第一章-2 軽視と決断

 農作業が終わり兵たちの態勢が整った四月中旬、武田勝頼はいよいよ上洛の軍を発する事となり、諸将を躑躅ヶ崎館の大広間に集めた。


「いよいよこれより、徳川を滅し織田を叩き上洛の足掛かりを築く!」

「えいえいおー!」

「みな、その意気やよし!」

「それで織田・徳川との決戦の策はいかに」

「長篠城は囲むだけにし、設楽ヶ原に連合軍を誘い込む!」


 眼前に控える武将たちは勝頼の勇ましい言葉に答えるように鬨の声を上げた。それに続くように馬場信房が家臣たちを代表するように問うと、勝頼は胸を張って答えた。

 設楽ヶ原は広い平野であり、武田騎馬隊の力を発揮するには絶好の地である。正直、そこで戦ができるのならばそれに越した事はないと、信房を含む誰もが思っていた。


「しかし長篠城を放置してよいのですか?」

「長篠城は堅城だ。今から攻めかかっても織田が来るまでに陥落させる事ができるかどうか怪しい。もちろん陥落できればそれに越した事はあるまいが」

「後方に敵を残すのは危険では?」

「長篠城は堅城だが小城だ。強引に攻めれば徳川・織田との対決の前に無視できない損害を出してしまう。だから包囲だけしておけばよい。我らが連合軍を打ち砕けば長篠城など熟柿が落ちるように武田の物となる。まあ、貞昌が頭を下げてきたら許してやらんこともないが」


 確かに正論ではあるが、昌豊の言っていた事を全く顧みていない理論でもある。昌豊は貞昌と交渉などするだけ無駄だと言っていたのに、勝頼はまだ交渉する気だった。また昌豊は信房と同じように長篠城を放置すべきではないと進言していたのに、それも勝頼は聞き入れていない。


「しかし」

「まだ気になる事があるのか」

「大賀弥四郎の事でございますが」


 大賀弥四郎の名前を聞かされた勝頼は思わず舌打ちした。

 武田に内通していた大賀弥四郎は、十日ほど前徳川家康により鋸挽きの刑に処されていた。内通者を殺すのは当然だが、それにしても鋸挽きとは残虐な刑であり、仮にも「侍」である人間に対してこれほどの刑を施した話はそうそうない。

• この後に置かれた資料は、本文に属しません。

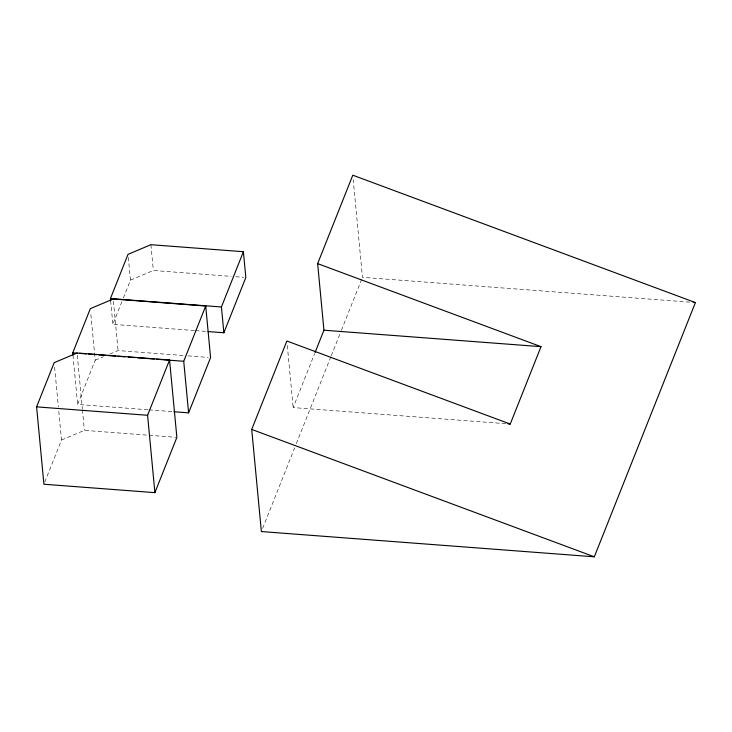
<?xml version="1.0" encoding="UTF-8"?>
<svg xmlns="http://www.w3.org/2000/svg" width="732" height="732" viewBox="0 0 732 732"><rect width="100%" height="100%" fill="white"/><g stroke="black" fill="none" stroke-linecap="round" stroke-linejoin="round"><path stroke-width="0.55" stroke-dasharray="3.66 2.75" d="M44.753 482.132L61.497 440.014L58.478 408.163M147.846 409.764L77.629 404.439L95.206 360.226L90.649 312.006M194.419 330.535L112.874 324.349L122.921 299.086M123.342 298.034L130.461 280.136L128.228 256.593M505.693 423.7L293.166 407.587L314.659 353.529M262.632 528.376L294.639 447.874M296.332 443.638L330.864 356.768M331.285 355.715L340.975 331.349M341.396 330.288L361.608 279.441M130.461 280.136L153.354 270.483L231.175 276.385M95.206 360.226L103.532 356.713M109.773 354.087L118.099 350.573L183.512 355.532M61.497 440.014L84.381 430.37L175.744 437.297M689.7 302.142L362.45 277.327L353.227 179.733M235.686 276.733L243.582 277.327M195.545 330.617L206.872 331.477M188.023 355.88L208.327 357.417M148.971 409.847L172.752 411.659M287.301 345.513L293.166 407.587M150.911 244.698L153.354 270.483M113.433 301.236L118.099 350.573M110.651 300.806L112.874 324.349M77.29 355.276L82.341 408.749M82.451 409.883L84.381 430.37M72.962 355.102L77.629 404.439M54.607 367.199L58.377 407.019"/><path stroke-width="1.1" d="M36.6 406.864L54.177 362.651L77.07 352.998L169.559 360.007L176.87 437.379L154.9 492.645L43.911 484.236L36.6 406.864L147.58 415.282L169.559 360.007M72.962 355.102L72.752 352.861L90.329 308.648L113.222 298.995L205.71 306.013L210.587 357.591L188.609 412.857L173.887 411.741M110.651 300.806L110.441 298.565L128.018 254.352L150.911 244.698L243.399 251.707L245.833 277.501L223.864 332.767L208.007 331.569M188.609 412.857L183.732 361.279L205.71 306.013M223.864 332.767L221.421 306.983L243.399 251.707M251.717 429.428L286.871 341.002L510.241 424.048L541.003 346.666L317.642 263.621L352.797 175.195L695.4 302.572L594.32 556.805L261.37 531.56L251.717 429.428L594.32 556.805M315.08 352.467L323.937 330.205L317.642 263.621M693.122 302.398L695.4 302.572M110.441 298.565L221.421 306.983M323.937 330.205L541.003 346.666M72.752 352.861L77.281 353.208M79.55 353.373L86.339 353.895M88.609 354.059L96.532 354.663M98.802 354.837L105.591 355.349M107.86 355.523L115.784 356.127M118.053 356.292L124.843 356.813M128.246 357.07L135.036 357.582M137.305 357.756L154.287 359.046M156.556 359.22L183.732 361.279M507.962 423.874L510.241 424.048M147.58 415.282L154.9 492.645"/></g></svg>

 一昨年信長を狙撃した鉄砲の名手杉谷善住坊が信長により鋸挽きの刑を受けたが、いわゆる「武士」を鋸挽きで処刑しためぼしい例となると前九年の役の藤原経清まで、つまり五百年前までさかのぼらなければならない。近くでは細川晴元が反抗した家臣に対して鋸挽きの刑を行ったが、それとて三十年ほど前である。そんな刑を家康が内通者に対して行った事は、武田に付く者は絶対に許さんと言わんばかりの強い家康の意志を示すに十分であった。これにより内通者が一人いなくなり、また内通しようとする者の口も塞がれてしまい徳川の情報が武田に入りにくくなっていたのである。



「まさか徳川があそこまでやるとは思わなんだわ」

「あれを見せられれば内通しようとしていても二の足を踏みますな」

「我が武田はそんなことはせぬ」


 勝頼は誇らしげに言い放ったが、実際どうも説得力に欠けていた。勝頼はともかく、信玄はそこまでの処置をしない男とはとても言えなかったからだ。

 父親を追放して国を奪ったのは家臣たちに押された形だからともかくとしても、信濃攻略の際に討ち取った敵援軍全員の首を城の周りに並べて脅し、降参した者を金山で死ぬまで働かせ、さらに駿河侵攻に反対する長男を自殺に追い込んだ。そういう事をやって来た家が当主が代替わりしたからと言って、たかが二年でその悪い印象を払拭できるわけもない。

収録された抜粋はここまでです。